Gildor Inglorion needs to be added to that list. Maybe Ioreth too. 


Your wish is my command 
within reason of course


----------



## Maeglin (Dec 25, 2002)

Sorry but I don't even remember who he was, and I can't edit the poll, only mods can.


Done and done. We live to serve. 


Oh never mind I figured out who they are.


----------



## Éomond (Dec 25, 2002)

Háma is my favorite most deffinitly. I think he along with Rohirrim were so brave.

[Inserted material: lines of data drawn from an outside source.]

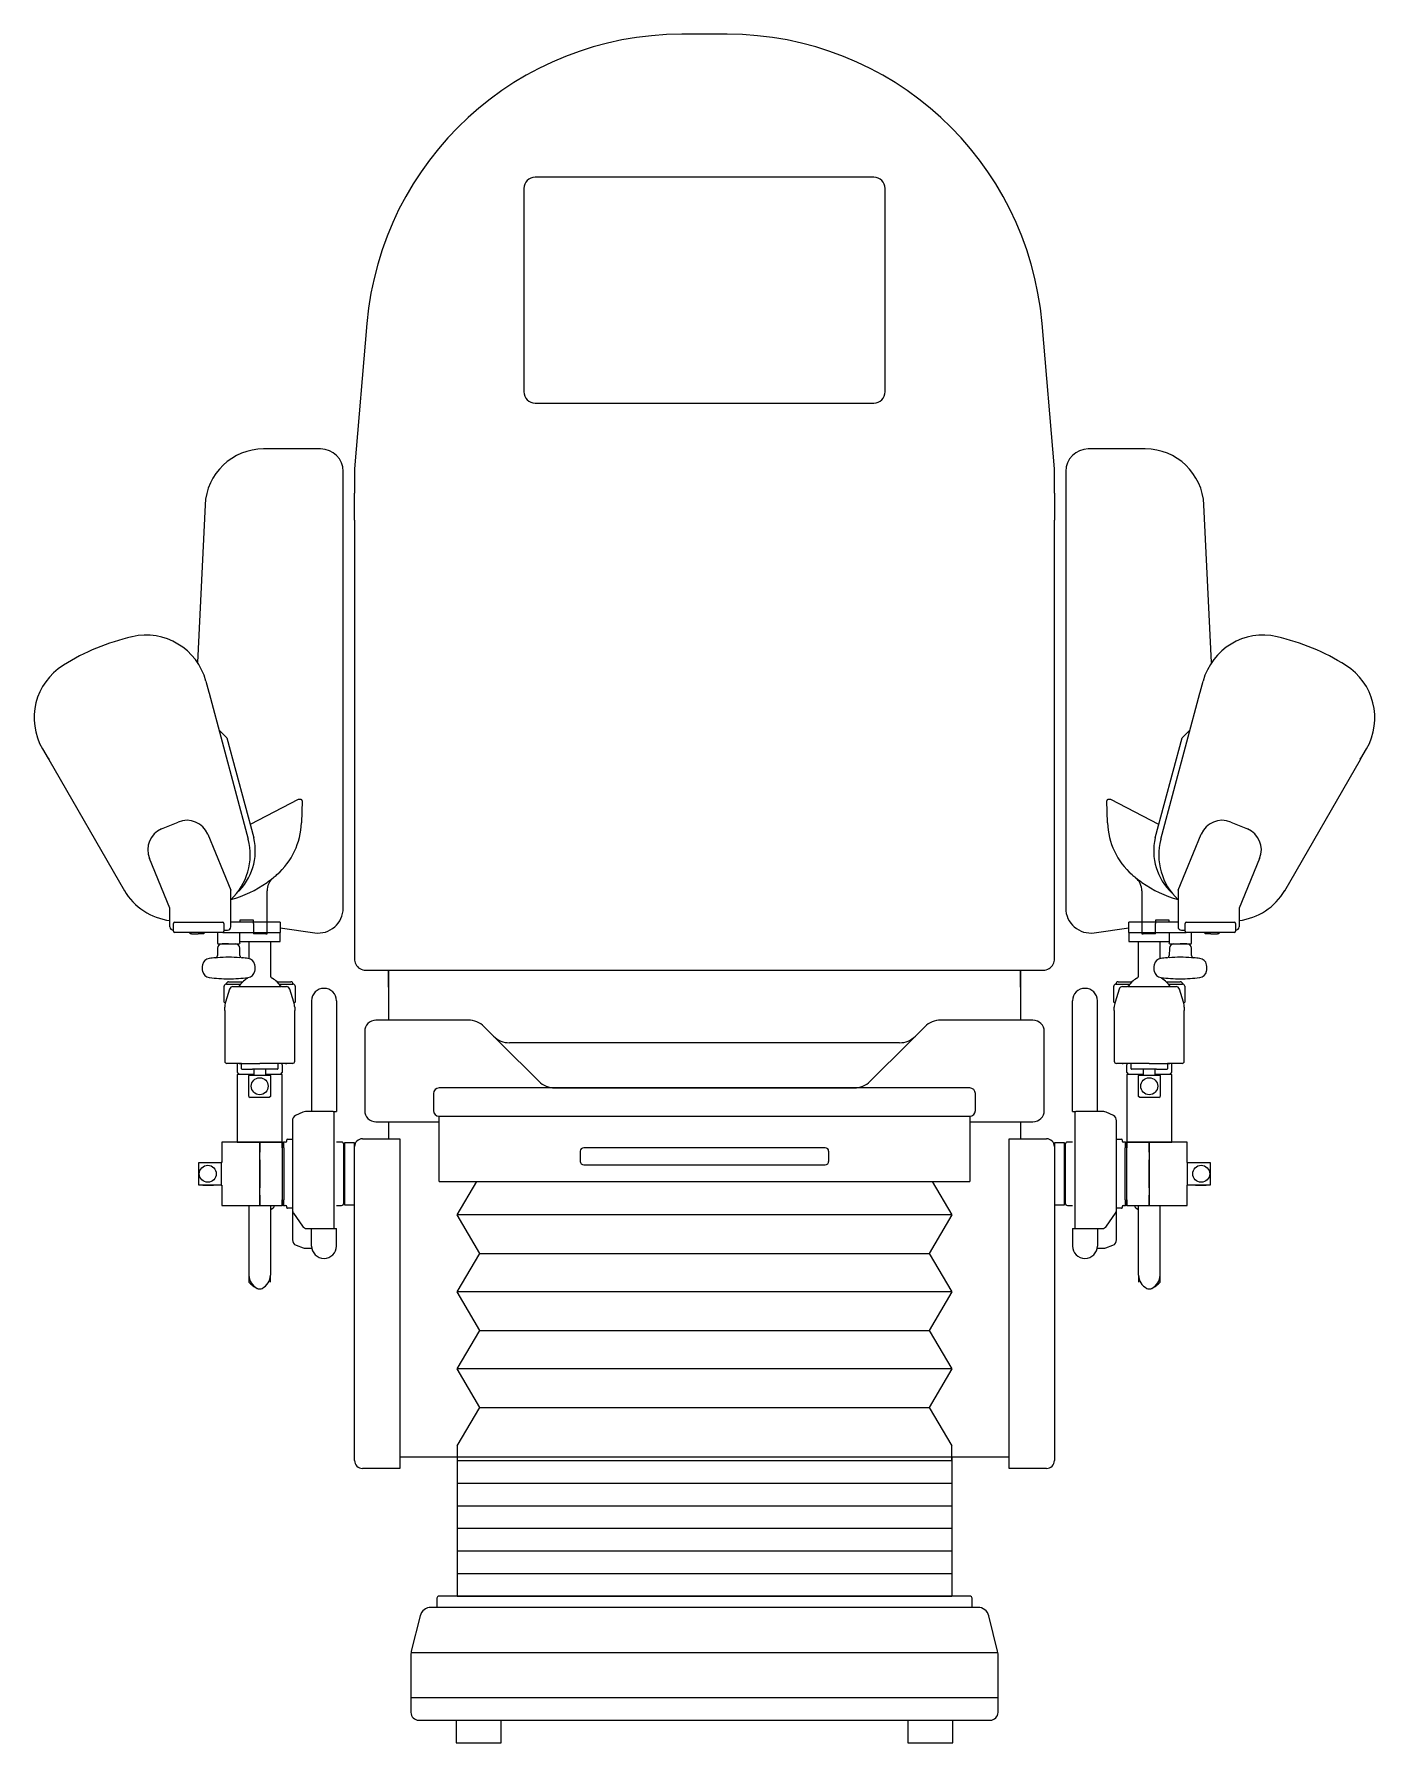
# Model space of a CAD drawing. Header units: metres. Extents: x 250.7 to 272.7, y -162.8 to -110.1.
# Drawn here: x 268.805 to 269.993, y -157.926 to -156.413 of the extents above; entities that cross this region are included whole.
import ezdxf

# ---------------------------------------------------------------- set-up
doc = ezdxf.new("R2010")
doc.units = ezdxf.units.M
doc.header["$MEASUREMENT"] = 0
doc.layers.add('A. muebles', color=152, linetype='Continuous', lineweight=15)

msp = doc.modelspace()

# ---------------------------------------------------------------- linework, layer by layer
at = {"layer": 'A. muebles'}
for p, q in [((269.3988, -156.4132), (269.3788, -156.4132)), ((269.4188, -156.4132), (269.3988, -156.4132)), ((269.5488, -156.5398), (269.2488, -156.5398)), ((269.2388, -156.5498), (269.2388, -156.7298)), ((269.5588, -156.7298), (269.5588, -156.5498)), ((269.0998, -156.6693), (269.0888, -156.7982)), ((269.7088, -156.7982), (269.6978, -156.6693)), ((269.2488, -156.7398), (269.5488, -156.7398)), ((269.0588, -156.7805), (269.0083, -156.7805)), ((269.7893, -156.7805), (269.7388, -156.7805)), ((269.0788, -157.1872), (269.0788, -156.8005)), ((269.0888, -156.7982), (269.0888, -156.8197)), ((269.7088, -156.8197), (269.7088, -156.7982)), ((269.7188, -156.8005), (269.7188, -157.1872)), ((268.9564, -156.83), (268.9496, -156.9696)), ((269.0888, -156.8437), (269.0888, -156.8197)), ((269.7088, -156.8197), (269.7088, -156.8437)), ((269.848, -156.9696), (269.8412, -156.83)), ((269.0888, -156.8437), (269.0888, -156.8897)), ((269.7088, -156.8897), (269.7088, -156.8437)), ((269.0888, -156.8847), (269.0888, -157.2322)), ((269.7088, -157.2322), (269.7088, -156.8847)), ((268.9572, -156.9862), (268.9597, -156.9958)), ((268.9597, -156.9958), (268.96, -156.9967)), ((268.96, -156.9967), (268.9947, -157.1262)), ((269.8029, -157.1262), (269.8376, -156.9967)), ((269.8376, -156.9967), (269.8379, -156.9958)), ((269.8379, -156.9958), (269.8404, -156.9862)), ((268.9688, -157.0296), (268.9758, -157.0363)), ((268.9758, -157.0363), (268.9995, -157.1249)), ((269.7981, -157.1249), (269.8219, -157.0363)), ((269.8219, -157.0363), (269.8288, -157.0296)), ((268.8124, -157.0462), (268.8174, -157.0547)), ((268.8174, -157.0547), (268.8179, -157.0556)), ((268.8179, -157.0556), (268.8849, -157.1717)), ((269.9128, -157.1717), (269.9798, -157.0556)), ((269.9798, -157.0556), (269.9803, -157.0547)), ((269.9803, -157.0547), (269.9852, -157.0462)), ((269.039, -157.091), (268.9964, -157.1131)), ((269.0415, -157.091), (269.0395, -157.0909)), ((269.0425, -157.092), (269.0418, -157.1116)), ((269.7558, -157.1116), (269.7551, -157.092)), ((269.7581, -157.0909), (269.7561, -157.091)), ((269.8013, -157.1131), (269.7586, -157.091)), ((268.9179, -157.117), (268.9327, -157.1109)), ((269.8649, -157.1109), (269.8797, -157.117)), ((268.9588, -157.1217), (268.9793, -157.1712)), ((269.8183, -157.1712), (269.8388, -157.1217)), ((268.9253, -157.1871), (268.9071, -157.1432)), ((269.8905, -157.1432), (269.8723, -157.1871)), ((268.9793, -157.1997), (268.9793, -157.1712)), ((269.0113, -157.21), (269.0113, -157.1719)), ((269.7863, -157.1719), (269.7863, -157.21)), ((269.8183, -157.1712), (269.8183, -157.1997)), ((268.9253, -157.2037), (268.9253, -157.1871)), ((269.8723, -157.1871), (269.8723, -157.2037)), ((268.9284, -157.2067), (268.9283, -157.2067)), ((268.9284, -157.2077), (268.9284, -157.2007)), ((268.9294, -157.1997), (268.9721, -157.1997)), ((268.9313, -157.2087), (268.9294, -157.2087)), ((268.9721, -157.2087), (268.9313, -157.2087)), ((268.9433, -157.21), (268.9433, -157.2087)), ((268.9443, -157.21), (268.9433, -157.21)), ((268.9443, -157.21), (268.9503, -157.21)), ((268.9553, -157.21), (268.9503, -157.21)), ((268.9553, -157.2087), (268.9553, -157.21)), ((268.9673, -157.2087), (268.9673, -157.2182)), ((268.9721, -157.2087), (269.0228, -157.2087)), ((268.9731, -157.2007), (268.9731, -157.2067)), ((268.9731, -157.2067), (268.9763, -157.2067)), ((268.9731, -157.2067), (268.9731, -157.2077)), ((269.0228, -157.1997), (268.9793, -157.1997)), ((268.9793, -157.2037), (268.9793, -157.1997)), ((268.9873, -157.2087), (268.9868, -157.2092)), ((268.9868, -157.2092), (268.9868, -157.2167)), ((268.9993, -157.1977), (268.9873, -157.1977)), ((268.9873, -157.1977), (268.9873, -157.1997)), ((268.9873, -157.2182), (268.9873, -157.2087)), ((268.9993, -157.2007), (268.9993, -157.1977)), ((268.9993, -157.2007), (268.9993, -157.21)), ((269.0043, -157.21), (268.9993, -157.21)), ((269.0103, -157.21), (269.0043, -157.21)), ((269.0103, -157.21), (269.0113, -157.21)), ((269.0228, -157.2092), (269.0223, -157.2087)), ((269.0228, -157.1997), (269.0228, -157.2087)), ((269.0228, -157.2045), (269.0537, -157.2089)), ((269.0228, -157.2167), (269.0228, -157.2092)), ((269.7439, -157.2089), (269.7748, -157.2045)), ((269.7748, -157.2087), (269.7748, -157.1997)), ((269.8183, -157.1997), (269.7748, -157.1997)), ((269.7748, -157.2087), (269.8256, -157.2087)), ((269.7753, -157.2087), (269.7748, -157.2092)), ((269.7748, -157.2092), (269.7748, -157.2167)), ((269.7863, -157.21), (269.7873, -157.21)), ((269.7933, -157.21), (269.7873, -157.21)), ((269.7983, -157.21), (269.7933, -157.21)), ((269.7983, -157.1977), (269.7983, -157.2007)), ((269.8103, -157.1977), (269.7983, -157.1977)), ((269.7983, -157.21), (269.7983, -157.2007)), ((269.8103, -157.1997), (269.8103, -157.1977)), ((269.8103, -157.2087), (269.8103, -157.2182)), ((269.8108, -157.2092), (269.8103, -157.2087)), ((269.8108, -157.2167), (269.8108, -157.2092)), ((269.8183, -157.1997), (269.8183, -157.2037)), ((269.8213, -157.2067), (269.8246, -157.2067)), ((269.8246, -157.2067), (269.8246, -157.2007)), ((269.8246, -157.2077), (269.8246, -157.2067)), ((269.8256, -157.1997), (269.8683, -157.1997)), ((269.8663, -157.2087), (269.8256, -157.2087)), ((269.8303, -157.2182), (269.8303, -157.2087)), ((269.8423, -157.21), (269.8423, -157.2087)), ((269.8473, -157.21), (269.8423, -157.21)), ((269.8473, -157.21), (269.8533, -157.21)), ((269.8543, -157.21), (269.8533, -157.21)), ((269.8543, -157.2087), (269.8543, -157.21)), ((269.8683, -157.2087), (269.8663, -157.2087)), ((269.8693, -157.2007), (269.8693, -157.2077)), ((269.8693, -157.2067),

And if they didn't risk their lives and Saruman would have taken controll of Rohan then....
Anyway back to Háma, because he was brave, loyal, and comitted.


----------



## Aglarthalion (Dec 25, 2002)

Háma, for the reasons Éomond stated. xD


----------



## Confusticated (Dec 25, 2002)

Ah... Thanks Rangerdave. 


Gildor Inglorion is not only my favorite charactor with a brief appearance that may qualify as a hero, but is also my favorite immortal in the book. Why? His personality, he is kind, wise, and even jokes with the hobbits. I am fascinated by him. He must be at least 7,000 years old (as he is an exile) but he has a youthful playfullness all the same. He is the in my opinion the most intriguing charactor out of all the Tolkien books that I have read. I don't doubt that part of this fascination is caused by the way he was introduced.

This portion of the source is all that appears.